# Cage for First Time Owner [Questions]



## Lyshymo (May 13, 2014)

I'm considering purchasing a single Dumbo Rat (she does not get along with other rats) or two Fancy Rats. Now, I'm not in any rush to make a purchase as I'm trying to get all my ducks in a row here. I've been looking into overall rat care, etc (still have some questions to answer of course) and am now trying to estimate my overall cost if I decide to go through with the purchase. Currently I've looked at a handful of cages (relatively "cheap" in price) that I'm considering on purchasing.
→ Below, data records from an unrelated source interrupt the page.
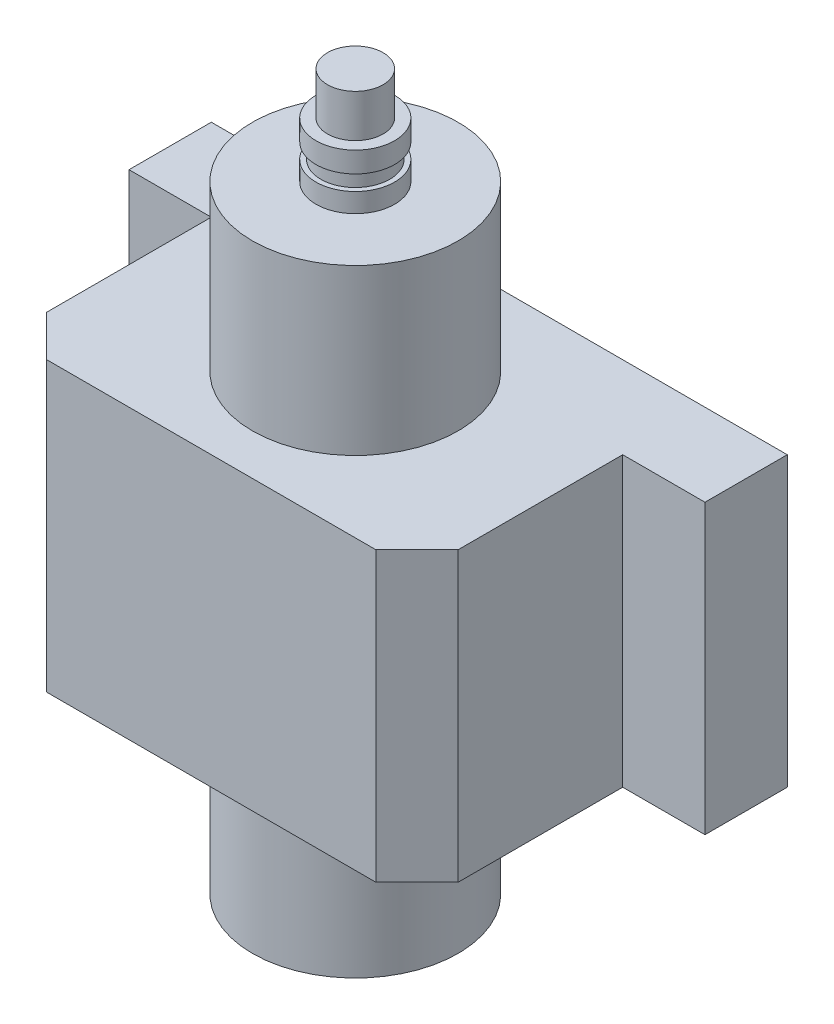
ISO-10303-21;
HEADER;
FILE_DESCRIPTION(('STEP AP214'),'2;1');
FILE_NAME('part.step','',(''),(''),'','','');
FILE_SCHEMA(('AUTOMOTIVE_DESIGN { 1 0 10303 214 1 1 1 1 }'));
ENDSEC;
DATA;
#1=APPLICATION_CONTEXT('core data for automotive mechanical design processes');
#2=APPLICATION_PROTOCOL_DEFINITION('international standard','automotive_design',2000,#1);
#3=PRODUCT_CONTEXT('',#1,'mechanical');
#4=PRODUCT('Part','Part','',(#3));
#5=PRODUCT_RELATED_PRODUCT_CATEGORY('part','',(#4));
#6=PRODUCT_DEFINITION_FORMATION('','',#4);
#7=PRODUCT_DEFINITION_CONTEXT('part definition',#1,'design');
#8=PRODUCT_DEFINITION('design','',#6,#7);
#9=PRODUCT_DEFINITION_SHAPE('','',#8);
#10=(LENGTH_UNIT() NAMED_UNIT(*) SI_UNIT(.MILLI.,.METRE.));
#11=(NAMED_UNIT(*) PLANE_ANGLE_UNIT() SI_UNIT($,.RADIAN.));
#12=(NAMED_UNIT(*) SI_UNIT($,.STERADIAN.) SOLID_ANGLE_UNIT());
#13=UNCERTAINTY_MEASURE_WITH_UNIT(LENGTH_MEASURE(1.E-05),#10,'distance_accuracy_value','');
#14=(GEOMETRIC_REPRESENTATION_CONTEXT(3) GLOBAL_UNCERTAINTY_ASSIGNED_CONTEXT((#13)) GLOBAL_UNIT_ASSIGNED_CONTEXT((#10,
#11,#12)) REPRESENTATION_CONTEXT('',''));
#15=CARTESIAN_POINT('',(0.,0.,0.));
#16=DIRECTION('',(0.,0.,1.));
#17=DIRECTION('',(1.,0.,0.));
#18=AXIS2_PLACEMENT_3D('',#15,#16,#17);
#19=CARTESIAN_POINT('',(0.,70.,0.));
#20=DIRECTION('',(0.,1.,0.));
#21=DIRECTION('',(0.,0.,1.));
#22=AXIS2_PLACEMENT_3D('',#19,#20,#21);
#23=PLANE('',#22);
#24=DIRECTION('',(1.,0.,0.));
#25=VECTOR('',#24,1.);
#26=CARTESIAN_POINT('',(-50.,70.,70.));
#27=LINE('',#26,#25);
#28=CARTESIAN_POINT('',(-40.,70.,70.));
#29=VERTEX_POINT('',#28);
#30=CARTESIAN_POINT('',(39.9999999999999,70.,70.));
#31=VERTEX_POINT('',#30);
#32=EDGE_CURVE('E184',#29,#31,#27,.T.);
#33=ORIENTED_EDGE('',*,*,#32,.T.);
#34=DIRECTION('',(-0.707106781186549,0.,0.707106781186546));
#35=VECTOR('',#34,1.);
#36=CARTESIAN_POINT('',(54.9999999999999,70.,55.0000000000002));
#37=LINE('',#36,#35);
#38=CARTESIAN_POINT('',(50.,70.,60.));
#39=VERTEX_POINT('',#38);
#40=EDGE_CURVE('E53',#31,#39,#37,.F.);
#41=ORIENTED_EDGE('',*,*,#40,.T.);
#42=DIRECTION('',(0.,0.,-1.));
#43=VECTOR('',#42,1.);
#44=CARTESIAN_POINT('',(50.,70.,20.));
#45=LINE('',#44,#43);
#46=CARTESIAN_POINT('',(50.,70.,20.));
#47=VERTEX_POINT('',#46);
#48=EDGE_CURVE('E182',#39,#47,#45,.T.);
#49=ORIENTED_EDGE('',*,*,#48,.T.);
#50=DIRECTION('',(1.,0.,0.));
#51=VECTOR('',#50,1.);
#52=CARTESIAN_POINT('',(70.,70.,20.));
#53=LINE('',#52,#51);
#54=CARTESIAN_POINT('',(70.,70.,20.));
#55=VERTEX_POINT('',#54);
#56=EDGE_CURVE('E193',#47,#55,#53,.T.);
#57=ORIENTED_EDGE('',*,*,#56,.T.);
#58=DIRECTION('',(0.,0.,-1.));
#59=VECTOR('',#58,1.);
#60=CARTESIAN_POINT('',(70.,70.,0.));
#61=LINE('',#60,#59);
#62=CARTESIAN_POINT('',(70.,70.,0.));
#63=VERTEX_POINT('',#62);
#64=EDGE_CURVE('E246',#55,#63,#61,.T.);
#65=ORIENTED_EDGE('',*,*,#64,.T.);
#66=DIRECTION('',(-1.,0.,0.));
#67=VECTOR('',#66,1.);
#68=CARTESIAN_POINT('',(70.,70.,0.));
#69=LINE('',#68,#67);
#70=CARTESIAN_POINT('',(-70.,70.,0.));
#71=VERTEX_POINT('',#70);
#72=EDGE_CURVE('E140',#63,#71,#69,.T.);
#73=ORIENTED_EDGE('',*,*,#72,.T.);
#74=DIRECTION('',(0.,0.,1.));
#75=VECTOR('',#74,1.);
#76=CARTESIAN_POINT('',(-70.,70.,0.));
#77=LINE('',#76,#75);
#78=CARTESIAN_POINT('',(-70.,70.,20.));
#79=VERTEX_POINT('',#78);
#80=EDGE_CURVE('E135',#71,#79,#77,.T.);
#81=ORIENTED_EDGE('',*,*,#80,.T.);
#82=DIRECTION('',(1.,0.,0.));
#83=VECTOR('',#82,1.);
#84=CARTESIAN_POINT('',(-70.,70.,20.));
#85=LINE('',#84,#83);
#86=CARTESIAN_POINT('',(-50.,70.,20.));
#87=VERTEX_POINT('',#86);
#88=EDGE_CURVE('E124',#79,#87,#85,.T.);
#89=ORIENTED_EDGE('',*,*,#88,.T.);
#90=DIRECTION('',(0.,0.,1.));
#91=VECTOR('',#90,1.);
#92=CARTESIAN_POINT('',(-50.,70.,20.));
#93=LINE('',#92,#91);
#94=CARTESIAN_POINT('',(-50.,70.,60.));
#95=VERTEX_POINT('',#94);
#96=EDGE_CURVE('E134',#87,#95,#93,.T.);
#97=ORIENTED_EDGE('',*,*,#96,.T.);
#98=DIRECTION('',(-0.707106781186548,0.,-0.707106781186548));
#99=VECTOR('',#98,1.);
#100=CARTESIAN_POINT('',(-55.,70.,55.));
#101=LINE('',#100,#99);
#102=EDGE_CURVE('E177',#95,#29,#101,.F.);
#103=ORIENTED_EDGE('',*,*,#102,.T.);
#104=EDGE_LOOP('',(#33,#41,#49,#57,#65,#73,#81,#89,#97,#103));
#105=FACE_BOUND('',#104,.T.);
#106=CARTESIAN_POINT('',(0.,70.,35.));
#107=DIRECTION('',(0.,1.,0.));
#108=DIRECTION('',(0.,0.,1.));
#109=AXIS2_PLACEMENT_3D('',#106,#107,#108);
#110=CIRCLE('',#109,25.);
#111=CARTESIAN_POINT('',(0.,70.,60.));
#112=VERTEX_POINT('',#111);
#113=EDGE_CURVE('E253',#112,#112,#110,.T.);
#114=ORIENTED_EDGE('',*,*,#113,.F.);
#115=EDGE_LOOP('',(#114));
#116=FACE_BOUND('',#115,.T.);
#117=ADVANCED_FACE('F43',(#105,#116),#23,.T.);
#118=CARTESIAN_POINT('',(0.,0.,0.));
#119=DIRECTION('',(0.,1.,0.));
#120=DIRECTION('',(0.,0.,1.));
#121=AXIS2_PLACEMENT_3D('',#118,#119,#120);
#122=PLANE('',#121);
#123=DIRECTION('',(0.,0.,-1.));
#124=VECTOR('',#123,1.);
#125=CARTESIAN_POINT('',(50.,0.,20.));
#126=LINE('',#125,#124);
#127=CARTESIAN_POINT('',(50.,0.,60.));
#128=VERTEX_POINT('',#127);
#129=CARTESIAN_POINT('',(50.,0.,20.));
#130=VERTEX_POINT('',#129);
#131=EDGE_CURVE('E202',#128,#130,#126,.T.);
#132=ORIENTED_EDGE('',*,*,#131,.F.);
#133=DIRECTION('',(0.707106781186549,0.,-0.707106781186546));
#134=VECTOR('',#133,1.);
#135=CARTESIAN_POINT('',(50.,0.,60.));
#136=LINE('',#135,#134);
#137=CARTESIAN_POINT('',(39.9999999999999,0.,70.));
#138=VERTEX_POINT('',#137);
#139=EDGE_CURVE('E168',#128,#138,#136,.F.);
#140=ORIENTED_EDGE('',*,*,#139,.T.);
#141=DIRECTION('',(1.,0.,0.));
#142=VECTOR('',#141,1.);
#143=CARTESIAN_POINT('',(-50.,0.,70.));
#144=LINE('',#143,#142);
#145=CARTESIAN_POINT('',(-40.,0.,70.));
#146=VERTEX_POINT('',#145);
#147=EDGE_CURVE('E200',#146,#138,#144,.T.);
#148=ORIENTED_EDGE('',*,*,#147,.F.);
#149=DIRECTION('',(0.707106781186548,0.,0.707106781186548));
#150=VECTOR('',#149,1.);
#151=CARTESIAN_POINT('',(-40.,0.,70.));
#152=LINE('',#151,#150);
#153=CARTESIAN_POINT('',(-50.,0.,60.));
#154=VERTEX_POINT('',#153);
#155=EDGE_CURVE('E165',#146,#154,#152,.F.);
#156=ORIENTED_EDGE('',*,*,#155,.T.);
#157=DIRECTION('',(0.,0.,1.));
#158=VECTOR('',#157,1.);
#159=CARTESIAN_POINT('',(-50.,0.,20.));
#160=LINE('',#159,#158);
#161=CARTESIAN_POINT('',(-50.,0.,20.));
#162=VERTEX_POINT('',#161);
#163=EDGE_CURVE('E206',#162,#154,#160,.T.);
#164=ORIENTED_EDGE('',*,*,#163,.F.);
#165=DIRECTION('',(1.,0.,0.));
#166=VECTOR('',#165,1.);
#167=CARTESIAN_POINT('',(-70.,0.,20.));
#168=LINE('',#167,#166);
#169=CARTESIAN_POINT('',(-70.,0.,20.));
#170=VERTEX_POINT('',#169);
#171=EDGE_CURVE('E212',#170,#162,#168,.T.);
#172=ORIENTED_EDGE('',*,*,#171,.F.);
#173=DIRECTION('',(0.,0.,1.));
#174=VECTOR('',#173,1.);
#175=CARTESIAN_POINT('',(-70.,0.,0.));
#176=LINE('',#175,#174);
#177=CARTESIAN_POINT('',(-70.,0.,0.));
#178=VERTEX_POINT('',#177);
#179=EDGE_CURVE('E149',#178,#170,#176,.T.);
#180=ORIENTED_EDGE('',*,*,#179,.F.);
#181=DIRECTION('',(-1.,0.,0.));
#182=VECTOR('',#181,1.);
#183=CARTESIAN_POINT('',(70.,0.,0.));
#184=LINE('',#183,#182);
#185=CARTESIAN_POINT('',(70.,0.,0.));
#186=VERTEX_POINT('',#185);
#187=EDGE_CURVE('E145',#186,#178,#184,.T.);
#188=ORIENTED_EDGE('',*,*,#187,.F.);
#189=DIRECTION('',(0.,0.,-1.));
#190=VECTOR('',#189,1.);
#191=CARTESIAN_POINT('',(70.,0.,0.));
#192=LINE('',#191,#190);
#193=CARTESIAN_POINT('',(70.,0.,20.));
#194=VERTEX_POINT('',#193);
#195=EDGE_CURVE('E218',#194,#186,#192,.T.);
#196=ORIENTED_EDGE('',*,*,#195,.F.);
#197=DIRECTION('',(1.,0.,0.));
#198=VECTOR('',#197,1.);
#199=CARTESIAN_POINT('',(70.,0.,20.));
#200=LINE('',#199,#198);
#201=EDGE_CURVE('E210',#130,#194,#200,.T.);
#202=ORIENTED_EDGE('',*,*,#201,.F.);
#203=EDGE_LOOP('',(#132,#140,#148,#156,#164,#172,#180,#188,#196,#202));
#204=FACE_BOUND('',#203,.T.);
#205=CARTESIAN_POINT('',(0.,0.,35.));
#206=DIRECTION('',(0.,1.,0.));
#207=DIRECTION('',(0.,0.,1.));
#208=AXIS2_PLACEMENT_3D('',#205,#206,#207);
#209=CIRCLE('',#208,25.);
#210=CARTESIAN_POINT('',(0.,0.,60.));
#211=VERTEX_POINT('',#210);
#212=EDGE_CURVE('E268',#211,#211,#209,.F.);
#213=ORIENTED_EDGE('',*,*,#212,.F.);
#214=EDGE_LOOP('',(#213));
#215=FACE_BOUND('',#214,.T.);
#216=ADVANCED_FACE('F198',(#204,#215),#122,.F.);
#217=CARTESIAN_POINT('',(-70.,70.,0.));
#218=DIRECTION('',(1.,0.,0.));
#219=DIRECTION('',(0.,0.,-1.));
#220=AXIS2_PLACEMENT_3D('',#217,#218,#219);
#221=PLANE('',#220);
#222=ORIENTED_EDGE('',*,*,#179,.T.);
#223=DIRECTION('',(0.,-1.,0.));
#224=VECTOR('',#223,1.);
#225=CARTESIAN_POINT('',(-70.,70.,20.));
#226=LINE('',#225,#224);
#227=EDGE_CURVE('E128',#79,#170,#226,.T.);
#228=ORIENTED_EDGE('',*,*,#227,.F.);
#229=ORIENTED_EDGE('',*,*,#80,.F.);
#230=DIRECTION('',(0.,-1.,0.));
#231=VECTOR('',#230,1.);
#232=CARTESIAN_POINT('',(-70.,70.,0.));
#233=LINE('',#232,#231);
#234=EDGE_CURVE('E223',#71,#178,#233,.T.);
#235=ORIENTED_EDGE('',*,*,#234,.T.);
#236=EDGE_LOOP('',(#222,#228,#229,#235));
#237=FACE_BOUND('',#236,.T.);
#238=ADVANCED_FACE('F147',(#237),#221,.F.);
#239=CARTESIAN_POINT('',(-70.,70.,20.));
#240=DIRECTION('',(0.,0.,-1.));
#241=DIRECTION('',(-1.,0.,0.));
#242=AXIS2_PLACEMENT_3D('',#239,#240,#241);
#243=PLANE('',#242);
#244=ORIENTED_EDGE('',*,*,#171,.T.);
#245=DIRECTION('',(0.,-1.,0.));
#246=VECTOR('',#245,1.);
#247=CARTESIAN_POINT('',(-50.,70.,20.));
#248=LINE('',#247,#246);
#249=EDGE_CURVE('E131',#87,#162,#248,.T.);
#250=ORIENTED_EDGE('',*,*,#249,.F.);
#251=ORIENTED_EDGE('',*,*,#88,.F.);
#252=ORIENTED_EDGE('',*,*,#227,.T.);
#253=EDGE_LOOP('',(#244,#250,#251,#252));
#254=FACE_BOUND('',#253,.T.);
#255=ADVANCED_FACE('F126',(#254),#243,.F.);
#256=CARTESIAN_POINT('',(-50.,70.,20.));
#257=DIRECTION('',(1.,0.,0.));
#258=DIRECTION('',(0.,0.,-1.));
#259=AXIS2_PLACEMENT_3D('',#256,#257,#258);
#260=PLANE('',#259);
#261=ORIENTED_EDGE('',*,*,#163,.T.);
#262=DIRECTION('',(0.,1.,0.));
#263=VECTOR('',#262,1.);
#264=CARTESIAN_POINT('',(-50.,70.,60.));
#265=LINE('',#264,#263);
#266=EDGE_CURVE('E11',#154,#95,#265,.T.);
#267=ORIENTED_EDGE('',*,*,#266,.T.);
#268=ORIENTED_EDGE('',*,*,#96,.F.);
#269=ORIENTED_EDGE('',*,*,#249,.T.);
#270=EDGE_LOOP('',(#261,#267,#268,#269));
#271=FACE_BOUND('',#270,.T.);
#272=ADVANCED_FACE('F256',(#271),#260,.F.);
#273=CARTESIAN_POINT('',(-50.,70.,70.));
#274=DIRECTION('',(0.,0.,-1.));
#275=DIRECTION('',(-1.,0.,0.));
#276=AXIS2_PLACEMENT_3D('',#273,#274,#275);
#277=PLANE('',#276);
#278=ORIENTED_EDGE('',*,*,#147,.T.);
#279=DIRECTION('',(0.,1.,0.));
#280=VECTOR('',#279,1.);
#281=CARTESIAN_POINT('',(39.9999999999999,70.,70.));
#282=LINE('',#281,#280);
#283=EDGE_CURVE('E66',#138,#31,#282,.T.);
#284=ORIENTED_EDGE('',*,*,#283,.T.);
#285=ORIENTED_EDGE('',*,*,#32,.F.);
#286=DIRECTION('',(0.,-1.,0.));
#287=VECTOR('',#286,1.);
#288=CARTESIAN_POINT('',(-40.,70.,70.));
#289=LINE('',#288,#287);
#290=EDGE_CURVE('E171',#29,#146,#289,.T.);
#291=ORIENTED_EDGE('',*,*,#290,.T.);
#292=EDGE_LOOP('',(#278,#284,#285,#291));
#293=FACE_BOUND('',#292,.T.);
#294=ADVANCED_FACE('F203',(#293),#277,.F.);
#295=CARTESIAN_POINT('',(50.,70.,20.));
#296=DIRECTION('',(-1.,0.,0.));
#297=DIRECTION('',(0.,0.,1.));
#298=AXIS2_PLACEMENT_3D('',#295,#296,#297);
#299=PLANE('',#298);
#300=ORIENTED_EDGE('',*,*,#48,.F.);
#301=DIRECTION('',(0.,-1.,0.));
#302=VECTOR('',#301,1.);
#303=CARTESIAN_POINT('',(50.,70.,60.));
#304=LINE('',#303,#302);
#305=EDGE_CURVE('E156',#39,#128,#304,.T.);
#306=ORIENTED_EDGE('',*,*,#305,.T.);
#307=ORIENTED_EDGE('',*,*,#131,.T.);
#308=DIRECTION('',(0.,-1.,0.));
#309=VECTOR('',#308,1.);
#310=CARTESIAN_POINT('',(50.,70.,20.));
#311=LINE('',#310,#309);
#312=EDGE_CURVE('E158',#47,#130,#311,.T.);
#313=ORIENTED_EDGE('',*,*,#312,.F.);
#314=EDGE_LOOP('',(#300,#306,#307,#313));
#315=FACE_BOUND('',#314,.T.);
#316=ADVANCED_FACE('F188',(#315),#299,.F.);
#317=CARTESIAN_POINT('',(70.,70.,20.));
#318=DIRECTION('',(0.,0.,-1.));
#319=DIRECTION('',(-1.,0.,0.));
#320=AXIS2_PLACEMENT_3D('',#317,#318,#319);
#321=PLANE('',#320);
#322=ORIENTED_EDGE('',*,*,#201,.T.);
#323=DIRECTION('',(0.,-1.,0.));
#324=VECTOR('',#323,1.);
#325=CARTESIAN_POINT('',(70.,70.,20.));
#326=LINE('',#325,#324);
#327=EDGE_CURVE('E230',#55,#194,#326,.T.);
#328=ORIENTED_EDGE('',*,*,#327,.F.);
#329=ORIENTED_EDGE('',*,*,#56,.F.);
#330=ORIENTED_EDGE('',*,*,#312,.T.);
#331=EDGE_LOOP('',(#322,#328,#329,#330));
#332=FACE_BOUND('',#331,.T.);
#333=ADVANCED_FACE('F235',(#332),#321,.F.);
#334=CARTESIAN_POINT('',(70.,70.,0.));
#335=DIRECTION('',(-1.,0.,0.));
#336=DIRECTION('',(0.,0.,1.));
#337=AXIS2_PLACEMENT_3D('',#334,#335,#336);
#338=PLANE('',#337);
#339=ORIENTED_EDGE('',*,*,#195,.T.);
#340=DIRECTION('',(0.,-1.,0.));
#341=VECTOR('',#340,1.);
#342=CARTESIAN_POINT('',(70.,70.,0.));
#343=LINE('',#342,#341);
#344=EDGE_CURVE('E226',#63,#186,#343,.T.);
#345=ORIENTED_EDGE('',*,*,#344,.F.);
#346=ORIENTED_EDGE('',*,*,#64,.F.);
#347=ORIENTED_EDGE('',*,*,#327,.T.);
#348=EDGE_LOOP('',(#339,#345,#346,#347));
#349=FACE_BOUND('',#348,.T.);
#350=ADVANCED_FACE('F241',(#349),#338,.F.);
#351=CARTESIAN_POINT('',(70.,70.,0.));
#352=DIRECTION('',(0.,0.,1.));
#353=DIRECTION('',(1.,0.,0.));
#354=AXIS2_PLACEMENT_3D('',#351,#352,#353);
#355=PLANE('',#354);
#356=ORIENTED_EDGE('',*,*,#187,.T.);
#357=ORIENTED_EDGE('',*,*,#234,.F.);
#358=ORIENTED_EDGE('',*,*,#72,.F.);
#359=ORIENTED_EDGE('',*,*,#344,.T.);
#360=EDGE_LOOP('',(#356,#357,#358,#359));
#361=FACE_BOUND('',#360,.T.);
#362=ADVANCED_FACE('F244',(#361),#355,.F.);
#363=CARTESIAN_POINT('',(0.,-40.,35.));
#364=DIRECTION('',(0.,1.,0.));
#365=DIRECTION('',(0.,0.,1.));
#366=AXIS2_PLACEMENT_3D('',#363,#364,#365);
#367=PLANE('',#366);
#368=CARTESIAN_POINT('',(0.,-40.,35.));
#369=DIRECTION('',(0.,1.,0.));
#370=DIRECTION('',(-1.,0.,0.));
#371=AXIS2_PLACEMENT_3D('',#368,#369,#370);
#372=CIRCLE('',#371,9.56401118837471);
#373=CARTESIAN_POINT('',(-9.56401118837472,-40.,35.));
#374=VERTEX_POINT('',#373);
#375=EDGE_CURVE('E312',#374,#374,#372,.T.);
#376=ORIENTED_EDGE('',*,*,#375,.T.);
#377=EDGE_LOOP('',(#376));
#378=FACE_BOUND('',#377,.T.);
#379=CARTESIAN_POINT('',(0.,-40.,35.));
#380=DIRECTION('',(0.,1.,0.));
#381=DIRECTION('',(0.,0.,1.));
#382=AXIS2_PLACEMENT_3D('',#379,#380,#381);
#383=CIRCLE('',#382,25.);
#384=CARTESIAN_POINT('',(0.,-40.,60.));
#385=VERTEX_POINT('',#384);
#386=EDGE_CURVE('E273',#385,#385,#383,.T.);
#387=ORIENTED_EDGE('',*,*,#386,.F.);
#388=EDGE_LOOP('',(#387));
#389=FACE_BOUND('',#388,.T.);
#390=ADVANCED_FACE('F356',(#378,#389),#367,.F.);
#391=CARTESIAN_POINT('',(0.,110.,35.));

I've been looking in the price range of $80-$100 as I'm in the process of going to a new college (out of state) which means I'll be moving into a new home, as well as pay for my tuition (which is all out of pocket for me) and I do not want to spend $250-300 on a cage at the moment (perhaps eventually - maybe Fall semester). So I've been looking at the "cheaper" cages with the average dimensions of 24" L x 18" W x 24" H (which calculates that I could house 3 rats - and seeing as I'll only be getting one to two tops, that seems pretty fair).

I figured since you all are much more knowledgeable than I am, I'd post links of what I was considering on getting and getting your feedback on the cages.
Feel free to give advice/tips/links to other cages (if they aren't exceeding my price range, that is xD) too! I'm here to learn all that I can! :]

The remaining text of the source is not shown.